President Bouteflika Asks Algerians to Brace for Austerity Measures
Algeria’s living-dead President Abdelaziz Bouteflika gave an address on the occasion of his country’s Independence Day asking citizens to prepare for tough times ahead as state coffers dwindle.
Bouteflika urged the Algerian people to prepare for the pinch of economic reality as the state will cut vital subsidies and increase taxes. The speech clearly revealed the fragility of the Algerian economy and its vulnerability to international oil and gas price volatility.
Algeria’s ailing President, who took power in 1999, failed to oversee genuine reform that could have achieved a diversification of the Algerian economy away from oil and gas, which represent 98% of total exports. 18 years after he took office, Algeria faces the same dilemma of the beginning of the 1990s when the country depleted its reserves and had to resort to foreign debt before plunging into a decade of devastating civil war.
Instead of blaming the current crisis on a lack of reform during the era of expensive oil, Bouteflika rather ascribes the crisis to external factors trigerring a “severe decrease” of revenues and necessitating “reforms” that should “be accepted by citizens”.
As Algeria continues to import more than what it exports, the President noted that foreign reserves kept steadily shrinking to stand at a mere $100 billion, down from $200 billion in 2012, $194 billion in 2013 and $114 billion by the end of 2016.
Yet, as Algerian President asks citizens to accept austerity measures, he maintained lavish spending on armament. Algeria spent $1.686 billion on defense that is a 0.4% increase compared to last year, Stockholm International Peace Research Institute (Sipri) said in its latest report on global military expenditures.
Algeria’s 2017 appropriation bill was calculated on an oil price of 50 dollars per barrel, while the IMF estimates that Algeria needs a barrel price of $110 to maintain macro-economic balance at a moment economic analysts warn of an upcoming budget crisis if oil prices remain at the current levels of around $50 per barrel.
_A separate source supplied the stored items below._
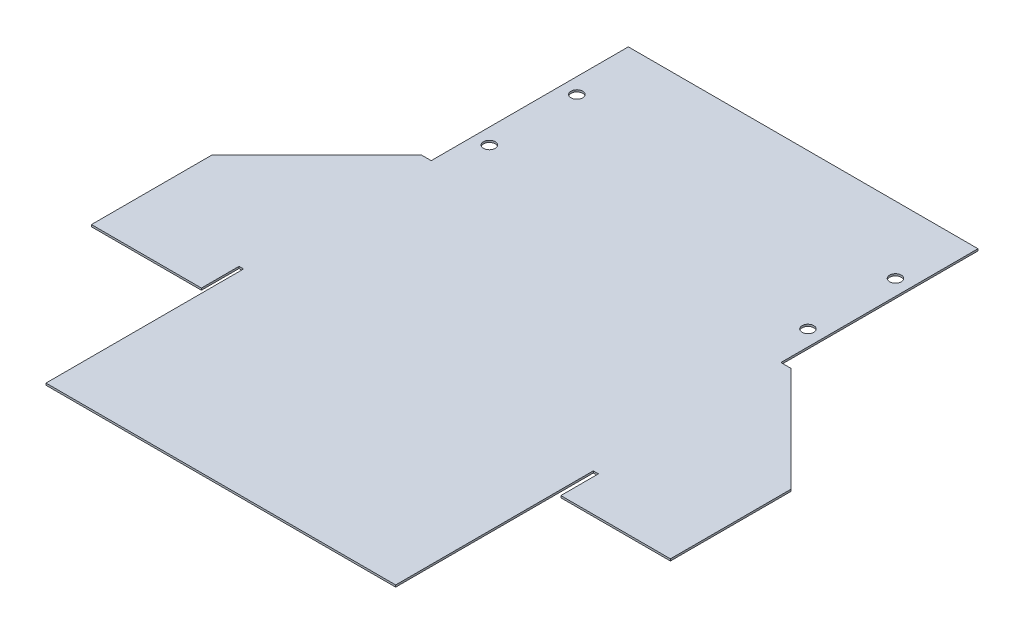
ISO-10303-21;
HEADER;
FILE_DESCRIPTION(('STEP AP214'),'2;1');
FILE_NAME('part.step','',(''),(''),'','','');
FILE_SCHEMA(('AUTOMOTIVE_DESIGN { 1 0 10303 214 1 1 1 1 }'));
ENDSEC;
DATA;
#1=APPLICATION_CONTEXT('core data for automotive mechanical design processes');
#2=APPLICATION_PROTOCOL_DEFINITION('international standard','automotive_design',2000,#1);
#3=PRODUCT_CONTEXT('',#1,'mechanical');
#4=PRODUCT('Part','Part','',(#3));
#5=PRODUCT_RELATED_PRODUCT_CATEGORY('part','',(#4));
#6=PRODUCT_DEFINITION_FORMATION('','',#4);
#7=PRODUCT_DEFINITION_CONTEXT('part definition',#1,'design');
#8=PRODUCT_DEFINITION('design','',#6,#7);
#9=PRODUCT_DEFINITION_SHAPE('','',#8);
#10=(LENGTH_UNIT() NAMED_UNIT(*) SI_UNIT(.MILLI.,.METRE.));
#11=(NAMED_UNIT(*) PLANE_ANGLE_UNIT() SI_UNIT($,.RADIAN.));
#12=(NAMED_UNIT(*) SI_UNIT($,.STERADIAN.) SOLID_ANGLE_UNIT());
#13=UNCERTAINTY_MEASURE_WITH_UNIT(LENGTH_MEASURE(1.E-05),#10,'distance_accuracy_value','');
#14=(GEOMETRIC_REPRESENTATION_CONTEXT(3) GLOBAL_UNCERTAINTY_ASSIGNED_CONTEXT((#13)) GLOBAL_UNIT_ASSIGNED_CONTEXT((#10,
#11,#12)) REPRESENTATION_CONTEXT('',''));
#15=CARTESIAN_POINT('',(0.,0.,0.));
#16=DIRECTION('',(0.,0.,1.));
#17=DIRECTION('',(1.,0.,0.));
#18=AXIS2_PLACEMENT_3D('',#15,#16,#17);
#19=CARTESIAN_POINT('',(0.,-0.500000000000087,33.4950679290022));
#20=DIRECTION('',(0.,-1.,0.));
#21=DIRECTION('',(0.,0.,-1.));
#22=AXIS2_PLACEMENT_3D('',#19,#20,#21);
#23=PLANE('',#22);
#24=DIRECTION('',(0.,0.,-1.));
#25=VECTOR('',#24,1.);
#26=CARTESIAN_POINT('',(45.,-0.499999999999993,19.6764661526356));
#27=LINE('',#26,#25);
#28=CARTESIAN_POINT('',(45.,-0.500000000000066,-30.174835060175));
#29=VERTEX_POINT('',#28);
#30=CARTESIAN_POINT('',(45.,-0.499999999999993,20.5600390864577));
#31=VERTEX_POINT('',#30);
#32=EDGE_CURVE('E314',#29,#31,#27,.F.);
#33=ORIENTED_EDGE('',*,*,#32,.T.);
#34=DIRECTION('',(1.,0.,0.));
#35=VECTOR('',#34,1.);
#36=CARTESIAN_POINT('',(45.6675884388878,-0.499999999999992,20.5600390864577));
#37=LINE('',#36,#35);
#38=CARTESIAN_POINT('',(47.6493904401487,-0.500000000000004,20.5600390864577));
#39=VERTEX_POINT('',#38);
#40=EDGE_CURVE('E440',#31,#39,#37,.T.);
#41=ORIENTED_EDGE('',*,*,#40,.T.);
#42=DIRECTION('',(-0.707106781186544,0.,-0.707106781186551));
#43=VECTOR('',#42,1.);
#44=CARTESIAN_POINT('',(60.2308658920997,-0.500000000000172,33.1415145384088));
#45=LINE('',#44,#43);
#46=CARTESIAN_POINT('',(74.5351768777756,-0.500000000000365,47.4458255240849));
#47=VERTEX_POINT('',#46);
#48=EDGE_CURVE('E419',#47,#39,#45,.T.);
#49=ORIENTED_EDGE('',*,*,#48,.F.);
#50=DIRECTION('',(0.,0.,1.));
#51=VECTOR('',#50,1.);
#52=CARTESIAN_POINT('',(74.5351768777751,-0.500000000001402,114.131029550367));
#53=LINE('',#52,#51);
#54=CARTESIAN_POINT('',(74.5351768777755,-0.500000000000916,78.5310295503674));
#55=VERTEX_POINT('',#54);
#56=EDGE_CURVE('E432',#47,#55,#53,.T.);
#57=ORIENTED_EDGE('',*,*,#56,.T.);
#58=DIRECTION('',(-1.,0.,0.));
#59=VECTOR('',#58,1.);
#60=CARTESIAN_POINT('',(59.8773125015063,-0.500000000000814,78.5310295503673));
#61=LINE('',#60,#59);
#62=CARTESIAN_POINT('',(46.3351768777755,-0.500000000000703,78.5310295503671));
#63=VERTEX_POINT('',#62);
#64=EDGE_CURVE('E430',#55,#63,#61,.T.);
#65=ORIENTED_EDGE('',*,*,#64,.T.);
#66=DIRECTION('',(0.,0.,-1.));
#67=VECTOR('',#66,1.);
#68=CARTESIAN_POINT('',(46.3351768777751,-0.500000000001208,114.131029550367));
#69=LINE('',#68,#67);
#70=CARTESIAN_POINT('',(46.3351768777756,-0.5000000000005,68.8529323052712));
#71=VERTEX_POINT('',#70);
#72=EDGE_CURVE('E429',#63,#71,#69,.T.);
#73=ORIENTED_EDGE('',*,*,#72,.T.);
#74=DIRECTION('',(1.,0.,0.));
#75=VECTOR('',#74,1.);
#76=CARTESIAN_POINT('',(45.6675884388878,-0.50000000000032,68.8529323052712));
#77=LINE('',#76,#75);
#78=CARTESIAN_POINT('',(45.,-0.50000000000032,68.8529323052712));
#79=VERTEX_POINT('',#78);
#80=EDGE_CURVE('E442',#71,#79,#77,.F.);
#81=ORIENTED_EDGE('',*,*,#80,.T.);
#82=DIRECTION('',(0.,0.,-1.));
#83=VECTOR('',#82,1.);
#84=CARTESIAN_POINT('',(45.,-0.500000000000346,69.4419809278193));
#85=LINE('',#84,#83);
#86=CARTESIAN_POINT('',(45.,-0.500000000001145,119.709126795464));
#87=VERTEX_POINT('',#86);
#88=EDGE_CURVE('E361',#79,#87,#85,.F.);
#89=ORIENTED_EDGE('',*,*,#88,.T.);
#90=DIRECTION('',(1.,0.,0.));
#91=VECTOR('',#90,1.);
#92=CARTESIAN_POINT('',(45.,-0.500000000001145,119.709126795464));
#93=LINE('',#92,#91);
#94=CARTESIAN_POINT('',(-45.,-0.500000000001159,119.709126795464));
#95=VERTEX_POINT('',#94);
#96=EDGE_CURVE('E344',#95,#87,#93,.T.);
#97=ORIENTED_EDGE('',*,*,#96,.F.);
#98=DIRECTION('',(0.,0.,-1.));
#99=VECTOR('',#98,1.);
#100=CARTESIAN_POINT('',(-45.,-0.500000000000359,69.4419809278193));
#101=LINE('',#100,#99);
#102=CARTESIAN_POINT('',(-45.,-0.500000000000353,68.8529323052712));
#103=VERTEX_POINT('',#102);
#104=EDGE_CURVE('E363',#95,#103,#101,.T.);
#105=ORIENTED_EDGE('',*,*,#104,.T.);
#106=DIRECTION('',(1.,0.,0.));
#107=VECTOR('',#106,1.);
#108=CARTESIAN_POINT('',(-45.5890486225481,-0.500000000000339,68.8529323052712));
#109=LINE('',#108,#107);
#110=CARTESIAN_POINT('',(-46.1780972450961,-0.500000000000339,68.8529323052712));
#111=VERTEX_POINT('',#110);
#112=EDGE_CURVE('E405',#103,#111,#109,.F.);
#113=ORIENTED_EDGE('',*,*,#112,.T.);
#114=DIRECTION('',(0.,0.,1.));
#115=VECTOR('',#114,1.);
#116=CARTESIAN_POINT('',(-46.1780972450956,-0.500000000000979,114.031029550367));
#117=LINE('',#116,#115);
#118=CARTESIAN_POINT('',(-46.1780972450961,-0.500000000000479,78.5310295503673));
#119=VERTEX_POINT('',#118);
#120=EDGE_CURVE('E378',#111,#119,#117,.T.);
#121=ORIENTED_EDGE('',*,*,#120,.T.);
#122=DIRECTION('',(-1.,0.,0.));
#123=VECTOR('',#122,1.);
#124=CARTESIAN_POINT('',(-59.8202328688269,-0.500000000000582,78.5310295503675));
#125=LINE('',#124,#123);
#126=CARTESIAN_POINT('',(-74.478097245096,-0.500000000000687,78.5310295503676));
#127=VERTEX_POINT('',#126);
#128=EDGE_CURVE('E375',#119,#127,#125,.T.);
#129=ORIENTED_EDGE('',*,*,#128,.T.);
#130=DIRECTION('',(0.,0.,1.));
#131=VECTOR('',#130,1.);
#132=CARTESIAN_POINT('',(-74.4780972450962,-0.500000000000535,68.8529323052713));
#133=LINE('',#132,#131);
#134=CARTESIAN_POINT('',(-74.4780972450962,-0.500000000000382,47.4458255240851));
#135=VERTEX_POINT('',#134);
#136=EDGE_CURVE('E385',#135,#127,#133,.T.);
#137=ORIENTED_EDGE('',*,*,#136,.F.);
#138=DIRECTION('',(0.707106781186543,0.,-0.707106781186552));
#139=VECTOR('',#138,1.);
#140=CARTESIAN_POINT('',(-60.1737862594203,-0.500000000000188,33.141514538409));
#141=LINE('',#140,#139);
#142=CARTESIAN_POINT('',(-47.5923108074692,-0.500000000000006,20.5600390864578));
#143=VERTEX_POINT('',#142);
#144=EDGE_CURVE('E379',#143,#135,#141,.F.);
#145=ORIENTED_EDGE('',*,*,#144,.F.);
#146=DIRECTION('',(1.,0.,0.));
#147=VECTOR('',#146,1.);
#148=CARTESIAN_POINT('',(-45.5890486225481,-0.500000000000006,20.5600390864577));
#149=LINE('',#148,#147);
#150=CARTESIAN_POINT('',(-45.,-0.500000000000006,20.5600390864577));
#151=VERTEX_POINT('',#150);
#152=EDGE_CURVE('E402',#143,#151,#149,.T.);
#153=ORIENTED_EDGE('',*,*,#152,.T.);
#154=DIRECTION('',(0.,0.,-1.));
#155=VECTOR('',#154,1.);
#156=CARTESIAN_POINT('',(-45.,-0.499999999999993,19.6764661526356));
#157=LINE('',#156,#155);
#158=CARTESIAN_POINT('',(-45.,-0.500000000000066,-30.174835060175));
#159=VERTEX_POINT('',#158);
#160=EDGE_CURVE('E321',#151,#159,#157,.T.);
#161=ORIENTED_EDGE('',*,*,#160,.T.);
#162=DIRECTION('',(1.,0.,0.));
#163=VECTOR('',#162,1.);
#164=CARTESIAN_POINT('',(45.,-0.500000000000066,-30.174835060175));
#165=LINE('',#164,#163);
#166=EDGE_CURVE('E325',#159,#29,#165,.T.);
#167=ORIENTED_EDGE('',*,*,#166,.T.);
#168=EDGE_LOOP('',(#33,#41,#49,#57,#65,#73,#81,#89,#97,#105,#113,#121,#129,#137,#145,#153,#161,#167));
#169=FACE_BOUND('',#168,.T.);
#170=CARTESIAN_POINT('',(41.,-0.5,-12.9276695296638));
#171=DIRECTION('',(0.,-1.,0.));
#172=DIRECTION('',(0.,0.,1.));
#173=AXIS2_PLACEMENT_3D('',#170,#171,#172);
#174=CIRCLE('',#173,1.5);
#175=CARTESIAN_POINT('',(41.,-0.5,-11.4276695296638));
#176=VERTEX_POINT('',#175);
#177=EDGE_CURVE('E347',#176,#176,#174,.T.);
#178=ORIENTED_EDGE('',*,*,#177,.F.);
#179=EDGE_LOOP('',(#178));
#180=FACE_BOUND('',#179,.T.);
#181=CARTESIAN_POINT('',(-41.,-0.5,-12.9276695296638));
#182=DIRECTION('',(0.,-1.,0.));
#183=DIRECTION('',(0.,0.,-1.));
#184=AXIS2_PLACEMENT_3D('',#181,#182,#183);
#185=CIRCLE('',#184,1.5);
#186=CARTESIAN_POINT('',(-41.,-0.5,-14.4276695296638));
#187=VERTEX_POINT('',#186);
#188=EDGE_CURVE('E965',#187,#187,#185,.T.);
#189=ORIENTED_EDGE('',*,*,#188,.F.);
#190=EDGE_LOOP('',(#189));
#191=FACE_BOUND('',#190,.T.);
#192=CARTESIAN_POINT('',(41.,-0.5,9.59193788096968));
#193=DIRECTION('',(0.,-1.,0.));
#194=DIRECTION('',(0.,0.,1.));
#195=AXIS2_PLACEMENT_3D('',#192,#193,#194);
#196=CIRCLE('',#195,1.5);
#197=CARTESIAN_POINT('',(41.,-0.5,11.0919378809697));
#198=VERTEX_POINT('',#197);
#199=EDGE_CURVE('E973',#198,#198,#196,.T.);
#200=ORIENTED_EDGE('',*,*,#199,.F.);
#201=EDGE_LOOP('',(#200));
#202=FACE_BOUND('',#201,.T.);
#203=CARTESIAN_POINT('',(-41.,-0.5,9.59193788096968));
#204=DIRECTION('',(0.,-1.,0.));
#205=DIRECTION('',(0.,0.,-1.));
#206=AXIS2_PLACEMENT_3D('',#203,#204,#205);
#207=CIRCLE('',#206,1.5);
#208=CARTESIAN_POINT('',(-41.,-0.5,8.09193788096968));
#209=VERTEX_POINT('',#208);
#210=EDGE_CURVE('E979',#209,#209,#207,.T.);
#211=ORIENTED_EDGE('',*,*,#210,.F.);
#212=EDGE_LOOP('',(#211));
#213=FACE_BOUND('',#212,.T.);
#214=ADVANCED_FACE('F186',(#169,#180,#191,#202,#213),#23,.T.);
#215=CARTESIAN_POINT('',(0.,0.,0.));
#216=DIRECTION('',(0.,1.,0.));
#217=DIRECTION('',(0.,0.,1.));
#218=AXIS2_PLACEMENT_3D('',#215,#216,#217);
#219=PLANE('',#218);
#220=DIRECTION('',(0.,0.,-1.));
#221=VECTOR('',#220,1.);
#222=CARTESIAN_POINT('',(-45.,0.,19.6764661526356));
#223=LINE('',#222,#221);
#224=CARTESIAN_POINT('',(-45.,0.,20.5600390864577));
#225=VERTEX_POINT('',#224);
#226=CARTESIAN_POINT('',(-45.,0.,-30.174835060175));
#227=VERTEX_POINT('',#226);
#228=EDGE_CURVE('E322',#225,#227,#223,.T.);
#229=ORIENTED_EDGE('',*,*,#228,.F.);
#230=DIRECTION('',(1.,0.,0.));
#231=VECTOR('',#230,1.);
#232=CARTESIAN_POINT('',(-45.5890486225481,0.,20.5600390864577));
#233=LINE('',#232,#231);
#234=CARTESIAN_POINT('',(-47.5923108074692,0.,20.5600390864578));
#235=VERTEX_POINT('',#234);
#236=EDGE_CURVE('E211',#235,#225,#233,.T.);
#237=ORIENTED_EDGE('',*,*,#236,.F.);
#238=DIRECTION('',(-0.707106781186543,0.,0.707106781186552));
#239=VECTOR('',#238,1.);
#240=CARTESIAN_POINT('',(-60.1737862594203,-1.89084858881472E-13,33.141514538409));
#241=LINE('',#240,#239);
#242=CARTESIAN_POINT('',(-74.4780972450962,-3.90312782094782E-13,47.4458255240851));
#243=VERTEX_POINT('',#242);
#244=EDGE_CURVE('E371',#235,#243,#241,.T.);
#245=ORIENTED_EDGE('',*,*,#244,.T.);
#246=DIRECTION('',(0.,0.,1.));
#247=VECTOR('',#246,1.);
#248=CARTESIAN_POINT('',(-74.4780972450962,-5.39499001028787E-13,68.5310295503676));
#249=LINE('',#248,#247);
#250=CARTESIAN_POINT('',(-74.4780972450961,-6.78276879106932E-13,78.5310295503676));
#251=VERTEX_POINT('',#250);
#252=EDGE_CURVE('E395',#251,#243,#249,.F.);
#253=ORIENTED_EDGE('',*,*,#252,.F.);
#254=DIRECTION('',(1.,0.,0.));
#255=VECTOR('',#254,1.);
#256=CARTESIAN_POINT('',(-74.478097245096,-6.78276879106932E-13,78.5310295503676));
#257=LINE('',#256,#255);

In his speech, Bouteflika seems to be preparing the Algerian public opinion for a new wave of austerity measures as Algiers is no longer capable of maintaining the same public spending spree due to the growing budget deficit since oil prices fell from about 119 dollars a barrel in 2013 to a mere 50 to 40 dollars a barrel.
In all sectors of the public service (electricity, gas, water, rail transport, telecommunications), tariffs have been kept at levels lower than the cost of operations for more than a decade for social considerations. Now, the Algerian government can no longer maintain its generous handouts, threatening the erosion of a fragile social peace.
Trimming public spending and raising revenue through VAT and taxes on electricity, fuel and tobacco have so far provoked unrest, with rioters in the eastern city of Bejaia, clashing with police and torching of state buses at the start of January 2017.
The violence highlights the risks for Algerian authorities if they alter the subsidy system that serves as a means of buying social peace disguised as a so-called policy of even distribution of wealth, but aims in the end at perpetuating the absolutist regime, which is tightly controlled by the omnipresent and powerful army.
In the absence of economic reforms to breakaway with the rentier structure of the Algerian economy, the country is running out of time and money as it remains dependent almost entirely on earnings from oil revenues.
The Algerian government released its 2030 vision for economic development, dubbed “New Growth Model,” meant to attract investments to compensate for the collapse in oil prices.
However, the proposed reforms in the new economic growth model seem to ignore the widespread corruption that affected almost all large-scale projects in Algeria.
Flagship development project, such as the East-West Highway, fell victim to the national corruption malaise. Originally allocated a budget of $6bn, rampant graft saw the highway eventually completed for a price of almost $15 billion, making it mile for mile the most expensive road in the world.
To make matters worse, Algeria continues to squander significant resources on the so-called Bouteflika mosque. The $1.4 billion price tag on the mosque, with a capacity for 250,000 worshippers and the world’s tallest minaret, has diverted funds away from health care and social services.
Algeria’s social peace is on the verge of collapse. In the absence of reforms and the continuation of the authoritarian status-quo, Algeria is experiencing times of severe uncertainty where a mix of imploding demography, unemployed youth, languishing oil prices, regional turmoil and latent militant groups make the country a tinderbox waiting to explode.